Para aktor/pelaku berpengetahuan, adalah pemain penting dalam mobilisasi berbagai bentuk aturan dan sumber daya yang berbeda maupun yang baru. Para pelaku ini memiliki kemampuan untuk

mengubah struktur, dengan secara aktif melakukan apa yang

disebut sebagai tindakan refleksif dan selalu memantau industri melalui kemampuan refleksi tersebut. Hal ini bisa dilakukan dengan secara sadar membuka kemungkinan terhadap program alternatif dan tidak menyerah tunduk pada aturan legitimasi dominan yang dpaksakan oleh para pelaku lain dalam skema industri ini.

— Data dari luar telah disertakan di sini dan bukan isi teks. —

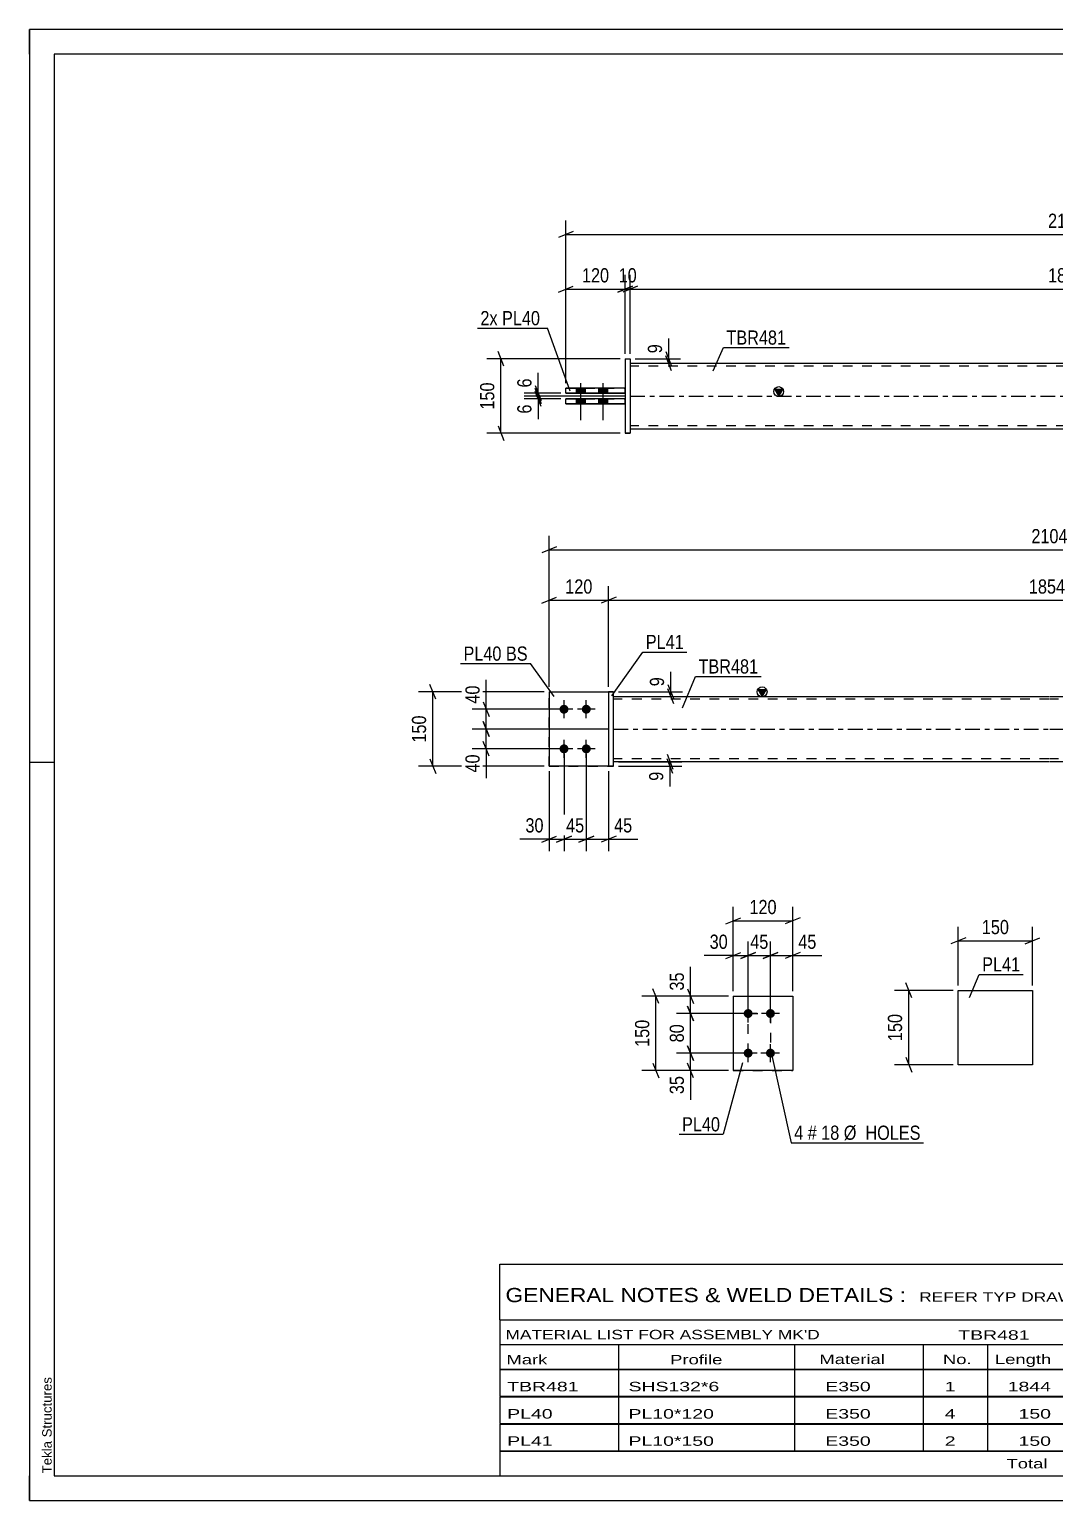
# Model space of a CAD drawing. Header units: millimetres. Extents: x 0 to 420, y 0 to 297.
# Drawn here: x 0 to 207, y 0 to 297 of the extents above; entities that cross this region are included whole.
import ezdxf

# ---------------------------------------------------------------- set-up
doc = ezdxf.new("R2010")
doc.units = ezdxf.units.MM
doc.linetypes.add('DXK_LINE_DOT2', pattern=[3.9198, 1.9599, -1.9599])
doc.linetypes.add('DXK_LINE_DOT3', pattern=[5.9187, 2.979, -0.9799, 0.9799, -0.9799])
doc.styles.add('Arial', font='ARIAL.TTF', dxfattribs={"height": 0.2})
doc.styles.add('Arial Narrow', font='ARIALN.TTF', dxfattribs={"height": 0.2})

# ---------------------------------------------------------------- blocks, each defined once
blk = doc.blocks.new('Unknown-581558151-1128')
at = {"color": 5, "linetype": 'Continuous'}
for p, q in [((420, 297), (0, 297)), ((0, 297), (0, 0)), ((0, 292), (0, 297)), ((415, 292), (5, 292)), ((5, 292), (5, 5)), ((5, 149), (0, 149)), ((0, 0), (0, 5)), ((5, 5), (415, 5)), ((0, 0), (420, 0))]:
    blk.add_line(p, q, dxfattribs=at)
at = {"color": 174, "linetype": 'Continuous', "style": 'Arial'}
blk.add_text('Tekla Structures', height=1.9102, rotation=90, dxfattribs=at).set_placement((4.5, 5.5))
blk = doc.blocks.new('Bolt-581558151-1456 - 1407')
at = {"linetype": 'Continuous'}
for points in [[(145.16, 99.23), (145.35, 99.21), (145.52, 99.16), (145.69, 99.06), (145.83, 98.94), (145.94, 98.78), (146.01, 98.61), (146.05, 98.43), (146.05, 98.24), (146.01, 98.06), (145.94, 97.88), (145.83, 97.73), (145.69, 97.61), (145.52, 97.51), (145.35, 97.45), (145.16, 97.43), (144.97, 97.45), (144.79, 97.51), (144.63, 97.61), (144.49, 97.73), (144.38, 97.88), (144.3, 98.06), (144.26, 98.24), (144.26, 98.43), (144.3, 98.61), (144.38, 98.78), (144.49, 98.94), (144.63, 99.06), (144.79, 99.16), (144.97, 99.21)], [(149.66, 99.23), (149.85, 99.21), (150.02, 99.16), (150.19, 99.06), (150.33, 98.94), (150.44, 98.78), (150.51, 98.61), (150.55, 98.43), (150.55, 98.24), (150.51, 98.06), (150.44, 97.88), (150.33, 97.73), (150.19, 97.61), (150.02, 97.51), (149.85, 97.45), (149.66, 97.43), (149.47, 97.45), (149.29, 97.51), (149.13, 97.61), (148.99, 97.73), (148.88, 97.88), (148.8, 98.06), (148.76, 98.24), (148.76, 98.43), (148.8, 98.61), (148.88, 98.78), (148.99, 98.94), (149.13, 99.06), (149.29, 99.16), (149.47, 99.21)], [(145.16, 91.23), (145.35, 91.21), (145.52, 91.16), (145.69, 91.06), (145.83, 90.94), (145.94, 90.78), (146.01, 90.61), (146.05, 90.43), (146.05, 90.24), (146.01, 90.06), (145.94, 89.88), (145.83, 89.73), (145.69, 89.61), (145.52, 89.51), (145.35, 89.45), (145.16, 89.43), (144.97, 89.45), (144.79, 89.51), (144.63, 89.61), (144.49, 89.73), (144.38, 89.88), (144.3, 90.06), (144.26, 90.24), (144.26, 90.43), (144.3, 90.61), (144.38, 90.78), (144.49, 90.94), (144.63, 91.06), (144.79, 91.16), (144.97, 91.21)], [(149.66, 91.23), (149.85, 91.21), (150.02, 91.16), (150.19, 91.06), (150.33, 90.94), (150.44, 90.78), (150.51, 90.61), (150.55, 90.43), (150.55, 90.24), (150.51, 90.06), (150.44, 89.88), (150.33, 89.73), (150.19, 89.61), (150.02, 89.51), (149.85, 89.45), (149.66, 89.43), (149.47, 89.45), (149.29, 89.51), (149.13, 89.61), (148.99, 89.73), (148.88, 89.88), (148.8, 90.06), (148.76, 90.24), (148.76, 90.43), (148.8, 90.61), (148.88, 90.78), (148.99, 90.94), (149.13, 91.06), (149.29, 91.16), (149.47, 91.21)]]:
    blk.add_hatch(color=1, dxfattribs=at).paths.add_polyline_path(points)
at = {"color": 1, "linetype": 'Continuous'}
for p, q in [((146.96, 98.33), (143.36, 98.33)), ((145.16, 96.53), (145.16, 100.13)), ((151.46, 98.33), (147.86, 98.33)), ((149.66, 96.53), (149.66, 100.13)), ((145.16, 88.53), (145.16, 92.13)), ((149.66, 88.53), (149.66, 92.13)), ((146.96, 90.33), (143.36, 90.33)), ((151.46, 90.33), (147.86, 90.33))]:
    blk.add_line(p, q, dxfattribs=at)
blk = doc.blocks.new('Part-581558151-1423 - 1407')
at = {"color": 2, "linetype": 'Continuous'}
for p, q in [((142.16, 101.83), (154.16, 101.83)), ((142.16, 101.83), (142.16, 86.83)), ((154.16, 101.83), (154.16, 101.83)), ((154.16, 101.83), (154.16, 86.83)), ((154.16, 86.83), (142.16, 86.83)), ((142.16, 86.83), (142.16, 86.83))]:
    blk.add_line(p, q, dxfattribs=at)
at = {"color": 7, "linetype": 'DXK_LINE_DOT2'}
for p, q in [((142.16, 101.83), (154.16, 101.83)), ((154.16, 101.83), (154.16, 101.83)), ((142.16, 86.83), (154.16, 86.83))]:
    blk.add_line(p, q, dxfattribs=at)
blk = doc.blocks.new('Part-581558151-1821 - 1803')
at = {"color": 2, "linetype": 'Continuous'}
for p, q in [((104.97, 163.26), (116.97, 163.26)), ((104.97, 163.26), (104.97, 148.26)), ((116.97, 148.26), (104.97, 148.26)), ((104.97, 148.26), (104.97, 148.26))]:
    blk.add_line(p, q, dxfattribs=at)
at = {"color": 7, "linetype": 'DXK_LINE_DOT2'}
for p, q in [((104.97, 163.26), (116.97, 163.26)), ((116.97, 163.26), (116.97, 163.26)), ((116.97, 163.26), (116.97, 148.26)), ((104.97, 148.26), (116.97, 148.26)), ((104.97, 148.26), (104.97, 148.26))]:
    blk.add_line(p, q, dxfattribs=at)
blk = doc.blocks.new('Bolt-581558151-1805 - 1803')
at = {"linetype": 'Continuous'}
for points in [[(107.97, 158.86), (107.78, 158.88), (107.6, 158.94), (107.44, 159.03), (107.3, 159.16), (107.19, 159.31), (107.11, 159.48), (107.07, 159.67), (107.07, 159.85), (107.11, 160.04), (107.19, 160.21), (107.3, 160.36), (107.44, 160.49), (107.6, 160.58), (107.78, 160.64), (107.97, 160.66), (108.15, 160.64), (108.33, 160.58), (108.5, 160.49), (108.63, 160.36), (108.75, 160.21), (108.82, 160.04), (108.86, 159.85), (108.86, 159.67), (108.82, 159.48), (108.75, 159.31), (108.63, 159.16), (108.5, 159.03), (108.33, 158.94), (108.15, 158.88)], [(112.47, 158.86), (112.28, 158.88), (112.1, 158.94), (111.94, 159.03), (111.8, 159.16), (111.69, 159.31), (111.61, 159.48), (111.57, 159.67), (111.57, 159.85), (111.61, 160.04), (111.69, 160.21), (111.8, 160.36), (111.94, 160.49), (112.1, 160.58), (112.28, 160.64), (112.47, 160.66), (112.65, 160.64), (112.83, 160.58), (113, 160.49), (113.13, 160.36), (113.25, 160.21), (113.32, 160.04), (113.36, 159.85), (113.36, 159.67), (113.32, 159.48), (113.25, 159.31), (113.13, 159.16), (113, 159.03), (112.83, 158.94), (112.65, 158.88)], [(107.97, 150.86), (107.78, 150.88), (107.6, 150.94), (107.44, 151.03), (107.3, 151.16), (107.19, 151.31), (107.11, 151.48), (107.07, 151.67), (107.07, 151.85), (107.11, 152.04), (107.19, 152.21), (107.3, 152.36), (107.44, 152.49), (107.6, 152.58), (107.78, 152.64), (107.97, 152.66), (108.15, 152.64), (108.33, 152.58), (108.5, 152.49), (108.63, 152.36), (108.75, 152.21), (108.82, 152.04), (108.86, 151.85), (108.86, 151.67), (108.82, 151.48), (108.75, 151.31), (108.63, 151.16), (108.5, 151.03), (108.33, 150.94), (108.15, 150.88)], [(112.47, 150.86), (112.28, 150.88), (112.1, 150.94), (111.94, 151.03), (111.8, 151.16), (111.69, 151.31), (111.61, 151.48), (111.57, 151.67), (111.57, 151.85), (111.61, 152.04), (111.69, 152.21), (111.8, 152.36), (111.94, 152.49), (112.1, 152.58), (112.28, 152.64), (112.47, 152.66), (112.65, 152.64), (112.83, 152.58), (113, 152.49), (113.13, 152.36), (113.25, 152.21), (113.32, 152.04), (113.36, 151.85), (113.36, 151.67), (113.32, 151.48), (113.25, 151.31), (113.13, 151.16), (113, 151.03), (112.83, 150.94), (112.65, 150.88)]]:
    blk.add_hatch(color=1, dxfattribs=at).paths.add_polyline_path(points)
at = {"color": 1, "linetype": 'Continuous'}
for p, q in [((107.97, 157.96), (107.97, 161.56)), ((112.47, 157.96), (112.47, 161.56)), ((109.77, 159.76), (106.17, 159.76)), ((114.27, 159.76), (110.67, 159.76)), ((109.77, 151.76), (106.17, 151.76)), ((107.97, 149.96), (107.97, 153.56)), ((114.27, 151.76), (110.67, 151.76)), ((112.47, 149.96), (112.47, 153.56))]:
    blk.add_line(p, q, dxfattribs=at)
blk = doc.blocks.new('Part-581558151-1831 - 1803')
at = {"linetype": 'Continuous'}
blk.add_hatch(color=2, dxfattribs=at).paths.add_polyline_path([(147.97, 162.36), (147.17, 163.76), (148.77, 163.76)])
at = {"color": 2, "linetype": 'Continuous'}
for p, q in [((147.97, 162.36), (147.17, 163.76)), ((147.17, 163.76), (148.77, 163.76)), ((148.77, 163.76), (147.97, 162.36)), ((117.97, 162.36), (205.97, 162.36)), ((206.07, 162.36), (294.07, 162.36)), ((205.97, 149.16), (117.97, 149.16)), ((294.07, 149.16), (206.07, 149.16))]:
    blk.add_line(p, q, dxfattribs=at)
at = {"color": 7, "linetype": 'DXK_LINE_DOT2'}
for p, q in [((117.97, 149.16), (117.97, 162.36)), ((205.97, 161.76), (117.97, 161.76)), ((294.07, 161.76), (206.07, 161.76)), ((294.07, 162.36), (294.07, 149.16)), ((205.97, 149.76), (117.97, 149.76)), ((294.07, 149.76), (206.07, 149.76))]:
    blk.add_line(p, q, dxfattribs=at)
at = {"color": 7, "linetype": 'DXK_LINE_DOT3'}
for p, q in [((117.97, 155.76), (205.97, 155.76)), ((206.07, 155.76), (294.07, 155.76))]:
    blk.add_line(p, q, dxfattribs=at)
at = {"color": 2, "linetype": 'Continuous'}
blk.add_circle((147.97, 163.26), 1, dxfattribs=at)
blk = doc.blocks.new('Part-581558151-1811 - 1803')
at = {"color": 2, "linetype": 'Continuous'}
for p, q in [((117.97, 163.26), (116.97, 163.26)), ((116.97, 163.26), (116.97, 148.26)), ((117.97, 148.26), (117.97, 163.26)), ((116.97, 148.26), (117.97, 148.26)), ((117.97, 148.26), (116.97, 148.26))]:
    blk.add_line(p, q, dxfattribs=at)
at = {"color": 7, "linetype": 'DXK_LINE_DOT2'}
for p, q in [((116.97, 163.26), (117.97, 163.26)), ((116.97, 148.26), (116.97, 148.26)), ((116.97, 148.26), (116.97, 148.26)), ((117.97, 148.26), (117.97, 148.26)), ((117.97, 148.26), (117.97, 148.26))]:
    blk.add_line(p, q, dxfattribs=at)
blk = doc.blocks.new('Part-581558151-1816 - 1803')
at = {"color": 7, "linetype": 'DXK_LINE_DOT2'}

Hal ini membawa kita kembali ke topik mengenai para pekerja kreatif dan preferensi mereka sendiri terhadap konten. Adalah paradoks bahwa para produser TV sendiri jarang menonton acara yang mereka buat, seperti seringkali diakui oleh mereka sendiri.18

Apa yang membedakan para produser televisi Indonesia, seperti dicatat oleh Barkin, adalah persis latar belakang mereka yang memang berbeda dari para penonton mereka. Jadi, tegangannya adalah antara televisi berfungsi menjembatani (memediasi) ideal kemanusiaan dan realitas kemanusiaan yang seringkali jauh dari ideal, atau televisi sekadar memberi penonton apa yang dirasa cocok oleh para eksekutifnya (Hobart, 2006).

Meminjam perspektif Giddens tentang tindakan manusia, tampaknya para pekerja media pun seringkali hanyut dalam

kesadaran praktis, dan jarang sekali mengambil jarak untuk

merefleksikan tindakan mereka sendiri. Para petinggi Trans TV dan NET. Mungkin bisa dilihat sebagai perkecualian, mengingat perusahaan mereka secara sadar memilih pendekatan serta strategi yang berbeda dalam memproduksi serta menyampaikan produk mereka.